# Honda eu2000i



## cva34 (Dec 22, 2008)

I have an older honda PP 1600 w maybe 25y old..It is been wonderful.Using it on My AC 7000 btu 120ac thats only 650w less than 6a..It really struggles to start the AC as it cycles to control temp..Surge is problem once its running loaded its just cruising..I am considering the Honda EU2000i ??? is will it handle it better..Any 2 coolers using one to to run AC about that size and are you happy.. I could go bigger if need be, But I sure like the 47 lb compared to 100 lb +..


----------



## Don Smith (Nov 24, 2007)

I have a 2000 that I loaned my neighbor to power a small ac unit during a power outage. He said it worked, but it struggled. The 3000i would do it with no problem.

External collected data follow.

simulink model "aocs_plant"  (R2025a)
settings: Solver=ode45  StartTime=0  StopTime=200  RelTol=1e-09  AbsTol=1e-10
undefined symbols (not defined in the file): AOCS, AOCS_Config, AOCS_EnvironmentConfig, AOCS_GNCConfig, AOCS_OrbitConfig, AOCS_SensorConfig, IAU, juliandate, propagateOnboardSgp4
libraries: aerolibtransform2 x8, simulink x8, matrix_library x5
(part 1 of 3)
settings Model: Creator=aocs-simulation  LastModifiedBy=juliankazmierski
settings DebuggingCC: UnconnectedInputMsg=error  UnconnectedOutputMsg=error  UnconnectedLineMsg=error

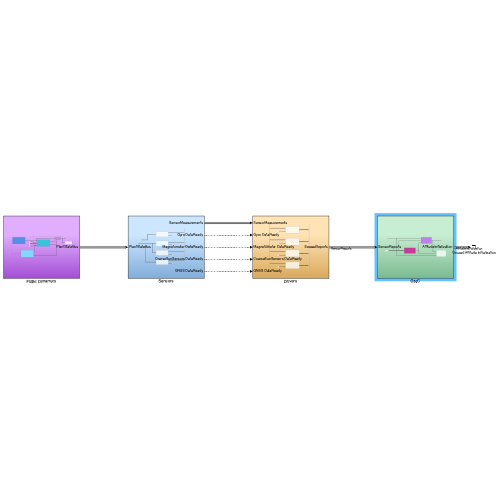
[thumbnail: Simulink's stored preview of the top-level diagram]
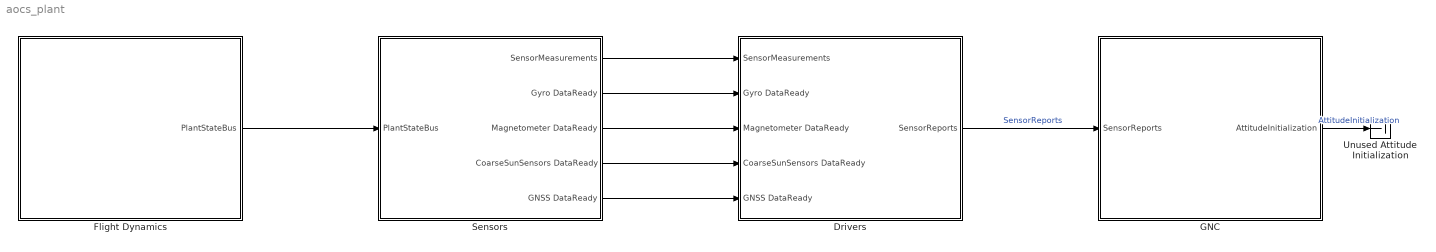
== system aocs_plant ==
  Drivers : Subsystem
  Flight Dynamics : Subsystem
  GNC : Subsystem
  Sensors : Subsystem
  Unused Attitude Initialization : Terminator
  wires:
  Flight Dynamics/1(PlantStateBus) -> Sensors/1(PlantStateBus)
  Sensors/1(SensorMeasurements) -> Drivers/1(SensorMeasurements)
  Sensors/2(Gyro DataReady) -> Drivers/2(Gyro DataReady)
  Sensors/3(Magnetometer DataReady) -> Drivers/3(Magnetometer DataReady)
  Sensors/4(CoarseSunSensors DataReady) -> Drivers/4(CoarseSunSensors DataReady)
  Sensors/5(GNSS DataReady) -> Drivers/5(GNSS DataReady)
  Drivers/1(SensorReports) -> GNC/1(SensorReports)  "SensorReports"
  GNC/1(AttitudeInitialization) -> Unused Attitude Initialization/1  "AttitudeInitialization"

== system aocs_plant/Drivers ==
  SensorMeasurements : Inport  OutDataTypeStr=Bus: SensorMeasurementBus
  Gyro DataReady : Inport  Port=2  OutputFunctionCall=on
  Magnetometer DataReady : Inport  Port=3  OutputFunctionCall=on
  CoarseSunSensors DataReady : Inport  Port=4  OutputFunctionCall=on
  GNSS DataReady : Inport  Port=5  OutputFunctionCall=on
  Coarse Sun Sensors Driver : Subsystem
  GNSS Driver : Subsystem
  Gyro Driver : Subsystem
  Magnetometer Driver : Subsystem
  Select Measurements : BusSelector  OutputSignals=Gyro,Magnetometer,CoarseSunSensors,GNSS
  Sensor Report Bus Assembly : BusCreator  Inputs=4  OutDataTypeStr=Bus: SensorReportBus
  SensorReports : Outport
  wires:
  SensorMeasurements/1 -> Select Measurements/1
  Select Measurements/1 -> Gyro Driver/1(Measurement)  "<Gyro>"
  Gyro DataReady/1 -> Gyro Driver/2(DataReady)
  Select Measurements/2 -> Magnetometer Driver/1(Measurement)  "<Magnetometer>"
  Magnetometer DataReady/1 -> Magnetometer Driver/2(DataReady)
  Select Measurements/3 -> Coarse Sun Sensors Driver/1(Measurement)  "<CoarseSunSensors>"
  CoarseSunSensors DataReady/1 -> Coarse Sun Sensors Driver/2(DataReady)
  Select Measurements/4 -> GNSS Driver/1(Measurement)  "<GNSS>"
  GNSS DataReady/1 -> GNSS Driver/2(DataReady)
  Gyro Driver/1(Report) -> Sensor Report Bus Assembly/1  "Gyro"
  Magnetometer Driver/1(Report) -> Sensor Report Bus Assembly/2  "Magnetometer"
  Coarse Sun Sensors Driver/1(Report) -> Sensor Report Bus Assembly/3  "CoarseSunSensors"
  GNSS Driver/1(Report) -> Sensor Report Bus Assembly/4  "GNSS"
  Sensor Report Bus Assembly/1 -> SensorReports/1

== system aocs_plant/Flight Dynamics ==
  Attitude Dynamics : Subsystem
  Environment Config : Constant  Value=AOCS_EnvironmentConfig  OutDataTypeStr=Bus: EnvironmentConfigBus
  Numerical Checks : Subsystem
  Orbit & Environment : Subsystem
  Orbit Config : Constant  Value=AOCS_OrbitConfig  VectorParams1D=off  OutDataTypeStr=Bus: OrbitConfigBus
  Plant State Bus Creator : BusCreator  Inputs=4  OutDataTypeStr=Bus: PlantStateBus
  Plant Time : Clock
  SpacecraftConfig : Constant  Value=AOCS_Config  OutDataTypeStr=Bus: ConfigBus
  Torque Sum : Subsystem
  PlantStateBus : Outport  OutDataTypeStr=Bus: PlantStateBus
  wires:
  Orbit & Environment/2(EnvironmentBus) -> Torque Sum/2(EnvironmentBus), Plant State Bus Creator/4  "Environment"
  Attitude Dynamics/1(AttitudeState) -> Orbit & Environment/1(AttitudeState), Plant State Bus Creator/3  "AttitudeState"
  Torque Sum/1(Torque_B) -> Attitude Dynamics/1(Torque_B)
  SpacecraftConfig/1 -> Orbit & Environment/4(AocsConfig), Torque Sum/1(Config)
  Environment Config/1 -> Orbit & Environment/3(EnvironmentConfig)
  Orbit Config/1 -> Orbit & Environment/2(OrbitConfig)
  Plant Time/1 -> Plant State Bus Creator/1  "time_s"
  Plant State Bus Creator/1 -> PlantStateBus/1, Numerical Checks/1(PlantState)  "PlantStateBus"
  Orbit & Environment/1(OrbitState) -> Plant State Bus Creator/2  "OrbitState"

== system aocs_plant/GNC ==
  SensorReports : Inport  OutDataTypeStr=Bus: SensorReportBus
  GNC Config : Constant  Value=AOCS_GNCConfig  OutDataTypeStr=Bus: GNCConfigBus
  Onboard Reference Vectors : Subsystem
  Select Initialization Config : BusSelector  OutputSignals=AttitudeInitialization
  State Estimation (MEKF) : Subsystem
  TRIAD Initialization : Subsystem
  AttitudeInitialization : Outport  OutDataTypeStr=Bus: AttitudeInitializationBus
  wires:
  GNC Config/1 -> Select Initialization Config/1
  Select Initialization Config/1 -> Onboard Reference Vectors/1(InitializationConfig), TRIAD Initialization/2(InitializationConfig)  "<AttitudeInitialization>"
  SensorReports/1 -> State Estimation (MEKF)/3(SensorReports), TRIAD Initialization/1(SensorReports)
  Onboard Reference Vectors/1(ReferenceVectors) -> TRIAD Initialization/3(ReferenceVectors), State Estimation (MEKF)/2(ReferenceVectors)  "ReferenceVectors"
  TRIAD Initialization/1(AttitudeInitialization) -> State Estimation (MEKF)/1(AttitudeInitialization), AttitudeInitialization/1  "AttitudeInitialization"

== system aocs_plant/Sensors ==
  PlantStateBus : Inport
  Bus Selector : BusSelector  OutputSignals=AttitudeState,Environment,OrbitState
  Coarse Sun Sensors : Subsystem
  GNSS : Subsystem
  Gyro : Subsystem
  Magnetometer : Subsystem
  Sensor Measurement Bus Assembly : BusCreator  Inputs=4  OutDataTypeStr=Bus: SensorMeasurementBus
  SensorMeasurements : Outport
  Gyro DataReady : Outport  Port=2  OutputFunctionCall=on
  Magnetometer DataReady : Outport  Port=3  OutputFunctionCall=on
  CoarseSunSensors DataReady : Outport  Port=4  OutputFunctionCall=on
  GNSS DataReady : Outport  Port=5  OutputFunctionCall=on
  wires:
  PlantStateBus/1 -> Bus Selector/1
  Bus Selector/1 -> Gyro/1(AttitudeState)  "<AttitudeState>"
  Bus Selector/2 -> Coarse Sun Sensors/1(Environment), Magnetometer/1(Environment)  "<Environment>"
  Gyro/1(Gyro) -> Sensor Measurement Bus Assembly/1  "Gyro"
  Magnetometer/1(Magnetometer) -> Sensor Measurement Bus Assembly/2  "Magnetometer"
  Sensor Measurement Bus Assembly/1 -> SensorMeasurements/1  "SensorMeasurementBus"
  Coarse Sun Sensors/1(CoarseSunSensors) -> Sensor Measurement Bus Assembly/3  "CoarseSunSensors"
  Bus Selector/3 -> GNSS/1(OrbitState)  "<OrbitState>"
  GNSS/1(GNSS) -> Sensor Measurement Bus Assembly/4  "GNSS"
  Gyro/2(DataReady) -> Gyro DataReady/1
  Magnetometer/2(DataReady) -> Magnetometer DataReady/1
  Coarse Sun Sensors/2(DataReady) -> CoarseSunSensors DataReady/1
  GNSS/2(DataReady) -> GNSS DataReady/1

== system aocs_plant/Drivers/Coarse Sun Sensors Driver ==
  Measurement : Inport  OutDataTypeStr=Bus: CoarseSunSensorMeasurementBus
  DataReady : Inport  Port=2  OutputFunctionCall=on
  Receipt Clock : Clock
  Receive Sample : Subsystem
  Report : Outport
  wires:
  Measurement/1 -> Receive Sample/1(Measurement)
  Receipt Clock/1 -> Receive Sample/2(Receipt Time)
  DataReady/1 -> Receive Sample/Trigger
  Receive Sample/1(Report) -> Report/1

== system aocs_plant/Drivers/GNSS Driver ==
  Measurement : Inport  OutDataTypeStr=Bus: GnssMeasurementBus
  DataReady : Inport  Port=2  OutputFunctionCall=on
  Receipt Clock : Clock
  Receive Sample : Subsystem
  Report : Outport
  wires:
  Measurement/1 -> Receive Sample/1(Measurement)
  Receipt Clock/1 -> Receive Sample/2(Receipt Time)
  DataReady/1 -> Receive Sample/Trigger
  Receive Sample/1(Report) -> Report/1

== system aocs_plant/Drivers/Gyro Driver ==
  Measurement : Inport  OutDataTypeStr=Bus: GyroMeasurementBus
  DataReady : Inport  Port=2  OutputFunctionCall=on
  Receipt Clock : Clock
  Receive Sample : Subsystem
  Report : Outport
  wires:
  Measurement/1 -> Receive Sample/1(Measurement)
  Receipt Clock/1 -> Receive Sample/2(Receipt Time)
  DataReady/1 -> Receive Sample/Trigger
  Receive Sample/1(Report) -> Report/1

== system aocs_plant/Drivers/Magnetometer Driver ==
  Measurement : Inport  OutDataTypeStr=Bus: MagnetometerMeasurementBus
  DataReady : Inport  Port=2  OutputFunctionCall=on
  Receipt Clock : Clock
  Receive Sample : Subsystem
  Report : Outport
  wires:
  Measurement/1 -> Receive Sample/1(Measurement)
  Receipt Clock/1 -> Receive Sample/2(Receipt Time)
  DataReady/1 -> Receive Sample/Trigger
  Receive Sample/1(Report) -> Report/1

== system aocs_plant/Flight Dynamics/Attitude Dynamics ==
  Torque_B : Inport
  6DOF (Quaternion) : EOM6DOFBodyQuat  eul_0=AOCS_Config.euler_BI_0_rad  pm_0=AOCS_Config.omega_BI_B_0  mass_0=3.71  inertia=AOCS_Config.I_B
  Bus Creator : BusCreator  Inputs=4
  Terminator : Terminator
  Terminator1 : Terminator
  Terminator2 : Terminator
  Zero_Forces : Constant  Value=[0;0;0]
  AttitudeState : Outport  OutDataTypeStr=Bus: AttitudeStateBus
  wires:
  Torque_B/1 -> 6DOF (Quaternion)/2
  Zero_Forces/1 -> 6DOF (Quaternion)/1
  6DOF (Quaternion)/1 -> Terminator/1
  6DOF (Quaternion)/2 -> Terminator1/1
  6DOF (Quaternion)/6 -> Terminator2/1
  6DOF (Quaternion)/3 -> Bus Creator/1  "euler_rad"
  6DOF (Quaternion)/5 -> Bus Creator/3  "DCM_be"
  6DOF (Quaternion)/7 -> Bus Creator/4  "omega_b"
  Bus Creator/1 -> AttitudeState/1
  6DOF (Quaternion)/4 -> Bus Creator/2  "q_be"

== system aocs_plant/Flight Dynamics/Numerical Checks ==
  PlantState : Inport  OutDataTypeStr=Bus: PlantStateBus
  Finite Plant State : Assertion
  Finite Values : MATLAB Function  TreatAsAtomicUnit=on
  wires:
  PlantState/1 -> Finite Values/1(state)
  Finite Values/1(ok) -> Finite Plant State/1

== system aocs_plant/Flight Dynamics/Orbit & Environment ==
  AttitudeState : Inport
  OrbitConfig : Inport  Port=2
  EnvironmentConfig : Inport  Port=3
  AocsConfig : Inport  Port=4
  Disturbance Torques : Subsystem
  Environment Bus Assembly : Subsystem
  Environment Products : Subsystem
  Orbit Propagator & Time : Subsystem
  OrbitState : Outport  OutDataTypeStr=Bus: OrbitStateBus
  EnvironmentBus : Outport  Port=2  OutDataTypeStr=Bus: EnvironmentBus
  wires:
  AocsConfig/1 -> Disturbance Torques/1(AocsConfig)  "AocsConfig"
  Disturbance Torques/1(Disturbance) -> Environment Bus Assembly/1(Disturbance)  "Disturbance"
  Environment Bus Assembly/1(EnvironmentBus) -> EnvironmentBus/1  "EnvironmentBus"
  Environment Products/2(MagneticField) -> Environment Bus Assembly/2(MagneticField), Disturbance Torques/7(MagneticField)
  AttitudeState/1 -> Disturbance Torques/3(AttitudeState), Environment Products/2(AttitudeState)  "AttitudeState"
  Orbit Propagator & Time/1(OrbitState) -> OrbitState/1, Disturbance Torques/4(OrbitState), Environment Products/3(OrbitState)
  Orbit Propagator & Time/2(EnvironmentContext) -> Disturbance Torques/5(EnvironmentContext), Environment Products/4(EnvironmentContext)
  EnvironmentConfig/1 -> Environment Products/1(EnvironmentConfig), Disturbance Torques/2(EnvironmentConfig)  "EnvironmentConfig"
  Environment Products/1(SRP) -> Disturbance Torques/6(SRP)
  Environment Products/4(Illumination) -> Environment Bus Assembly/4(Illumination)
  Environment Products/3(Sun) -> Environment Bus Assembly/3(Sun)
  OrbitConfig/1 -> Orbit Propagator & Time/1(OrbitConfig)  "OrbitConfig"
  Environment Products/5(Atmosphere) -> Disturbance Torques/8(Atmosphere), Environment Bus Assembly/5(Atmosphere)
  Disturbance Torques/2(OrbitAcceleration) -> Orbit Propagator & Time/2(OrbitAcceleration)

== system aocs_plant/Flight Dynamics/Torque Sum ==
  Config : Inport
  EnvironmentBus : Inport  Port=2
  Add : Sum
  Bus Selector : BusSelector  OutputSignals=M_dist_B_Nm
  Bus Selector1 : BusSelector  OutputSignals=M_ext_B
  Torque_B : Outport
  wires:
  EnvironmentBus/1 -> Bus Selector/1
  Bus Selector/1 -> Add/1  "<M_dist_B_Nm>"
  Add/1 -> Torque_B/1
  Config/1 -> Bus Selector1/1
  Bus Selector1/1 -> Add/2  "<M_ext_B>"

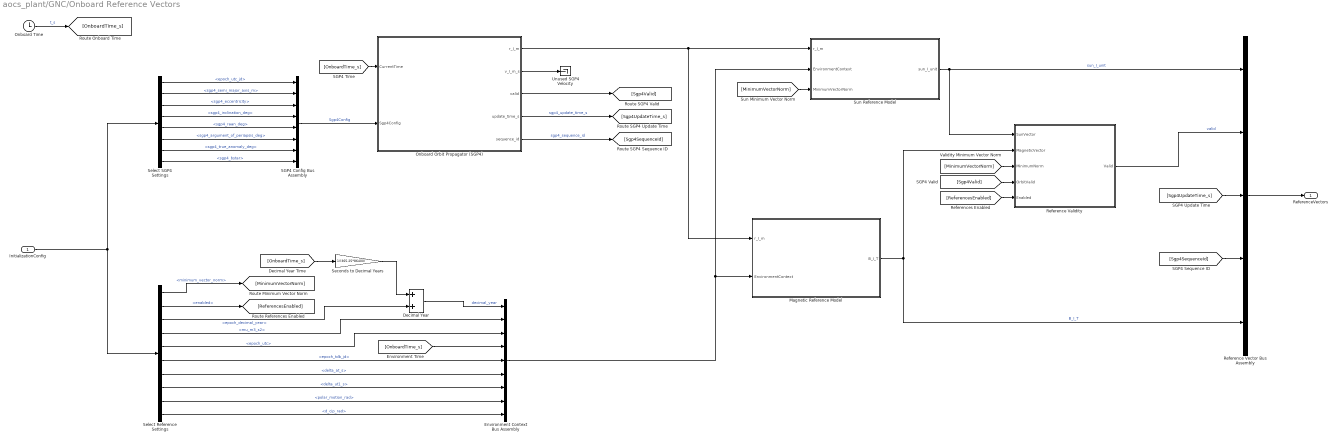
== system aocs_plant/GNC/Onboard Reference Vectors ==
  InitializationConfig : Inport  OutDataTypeStr=Bus: AttitudeInitializationConfigBus
  Decimal Year : Sum
  Environment Context Bus Assembly : BusCreator  Inputs=9  OutDataTypeStr=Bus: EnvironmentContextBus
  Magnetic Reference Model : Subsystem
  Onboard Orbit Propagator (SGP4) : Subsystem
  Onboard Time : Clock
  Reference Validity : Subsystem
  Reference Vector Bus Assembly : BusCreator  Inputs=5  OutDataTypeStr=Bus: ReferenceVectorBus
  SGP4 Config Bus Assembly : BusCreator  Inputs=8  OutDataTypeStr=Bus: Sgp4ConfigBus  NonVirtualBus=on
  Seconds to Decimal Years : Gain  Gain=1/(365.25*86400)
  Select Reference Settings : BusSelector  OutputSignals=minimum_vector_norm,enabled,epoch_decimal_year,mu_m3_s2,epoch_utc,epoch_tdb_jd,delta_at_s,delta_ut1_s,polar_motion_rad,d_cip_rad
  Select SGP4 Settings : BusSelector  OutputSignals=epoch_utc_jd,sgp4_semi_major_axis_m,sgp4_eccentricity,sgp4_inclination_deg,sgp4_raan_deg,sgp4_argument_of_periapsis_deg,sgp4_true_anomaly_deg,sgp4_bstar
  Sun Reference Model : Subsystem
  Unused SGP4 Velocity : Terminator
  ReferenceVectors : Outport  OutDataTypeStr=Bus: ReferenceVectorBus
  wires:
  InitializationConfig/1 -> Select Reference Settings/1, Select SGP4 Settings/1
  Onboard Time/1 -> [OnboardTime_s]  "t_s"
  Select SGP4 Settings/1 -> SGP4 Config Bus Assembly/1  "<epoch_utc_jd>"
  Select SGP4 Settings/2 -> SGP4 Config Bus Assembly/2  "<sgp4_semi_major_axis_m>"
  Select SGP4 Settings/3 -> SGP4 Config Bus Assembly/3  "<sgp4_eccentricity>"
  Select SGP4 Settings/4 -> SGP4 Config Bus Assembly/4  "<sgp4_inclination_deg>"
  Select SGP4 Settings/5 -> SGP4 Config Bus Assembly/5  "<sgp4_raan_deg>"
  Select SGP4 Settings/6 -> SGP4 Config Bus Assembly/6  "<sgp4_argument_of_periapsis_deg>"
  Select SGP4 Settings/7 -> SGP4 Config Bus Assembly/7  "<sgp4_true_anomaly_deg>"
  Select SGP4 Settings/8 -> SGP4 Config Bus Assembly/8  "<sgp4_bstar>"
  [OnboardTime_s] -> Onboard Orbit Propagator (SGP4)/1(CurrentTime)
  SGP4 Config Bus Assembly/1 -> Onboard Orbit Propagator (SGP4)/2(Sgp4Config)  "Sgp4Config"
  Select Reference Settings/1 -> [MinimumVectorNorm]  "<minimum_vector_norm>"
  Select Reference Settings/2 -> [ReferencesEnabled]  "<enabled>"
  Select Reference Settings/3 -> Decimal Year/2  "<epoch_decimal_year>"
  Select Reference Settings/4 -> Environment Context Bus Assembly/2  "<mu_m3_s2>"
  Select Reference Settings/5 -> Environment Context Bus Assembly/3  "<epoch_utc>"
  Select Reference Settings/6 -> Environment Context Bus Assembly/5  "<epoch_tdb_jd>"
  Select Reference Settings/7 -> Environment Context Bus Assembly/6  "<delta_at_s>"
  Select Reference Settings/8 -> Environment Context Bus Assembly/7  "<delta_ut1_s>"
  Select Reference Settings/9 -> Environment Context Bus Assembly/8  "<polar_motion_rad>"
  Select Reference Settings/10 -> Environment Context Bus Assembly/9  "<d_cip_rad>"
  [OnboardTime_s] -> Seconds to Decimal Years/1
  Seconds to Decimal Years/1 -> Decimal Year/1
  Decimal Year/1 -> Environment Context Bus Assembly/1  "decimal_year"
  [OnboardTime_s] -> Environment Context Bus Assembly/4
  Onboard Orbit Propagator (SGP4)/1(r_I_m) -> Sun Reference Model/1(r_I_m), Magnetic Reference Model/1(r_I_m)
  Onboard Orbit Propagator (SGP4)/2(v_I_m_s) -> Unused SGP4 Velocity/1
  Onboard Orbit Propagator (SGP4)/3(valid) -> [Sgp4Valid]
  Onboard Orbit Propagator (SGP4)/4(update_time_s) -> [Sgp4UpdateTime_s]  "sgp4_update_time_s"
  Onboard Orbit Propagator (SGP4)/5(sequence_id) -> [Sgp4SequenceId]  "sgp4_sequence_id"
  Environment Context Bus Assembly/1 -> Magnetic Reference Model/2(EnvironmentContext), Sun Reference Model/2(EnvironmentContext)
  [MinimumVectorNorm] -> Sun Reference Model/3(MinimumVectorNorm)
  Sun Reference Model/1(sun_I_unit) -> Reference Validity/1(SunVector), Reference Vector Bus Assembly/1  "sun_I_unit"
  Magnetic Reference Model/1(B_I_T) -> Reference Vector Bus Assembly/5, Reference Validity/2(MagneticVector)  "B_I_T"
  [MinimumVectorNorm] -> Reference Validity/3(MinimumNorm)
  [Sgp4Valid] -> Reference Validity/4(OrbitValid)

One was for for sale here on the board a few days ago.


----------



## mas360 (Nov 21, 2006)

The Honda 2000 is not enough to run a standard 13,500 BTU a/c unit on camper. I chose the Yamaha 2400is, which put out 2,000 Watts and 2400 Watts momentarily for in-rush current draw. Even at that rating, which is higher than the Honda EU2000, half of the time the Yami stalled. I then installed a soft start kit in the a/c and ever since the Yami no longer had issue everytime the compressor cycled. 
You can buy the soft start kit at Home Depot for about $20. It cost twice as much to purchase from RV parts suppliers.


----------



## coachlaw (Oct 26, 2005)

I run a 10,000btu window unit from a 2000. The key is either don't use the eco-throttle setting OR simply crank the thermostat down all the way so it never cycles off. I let the compressor kick on in normal mode, then click it to eco-throttle and I make sure the thermostat is at 59. I regulate the temp in the room by cracking the door open if it gets too cold.


----------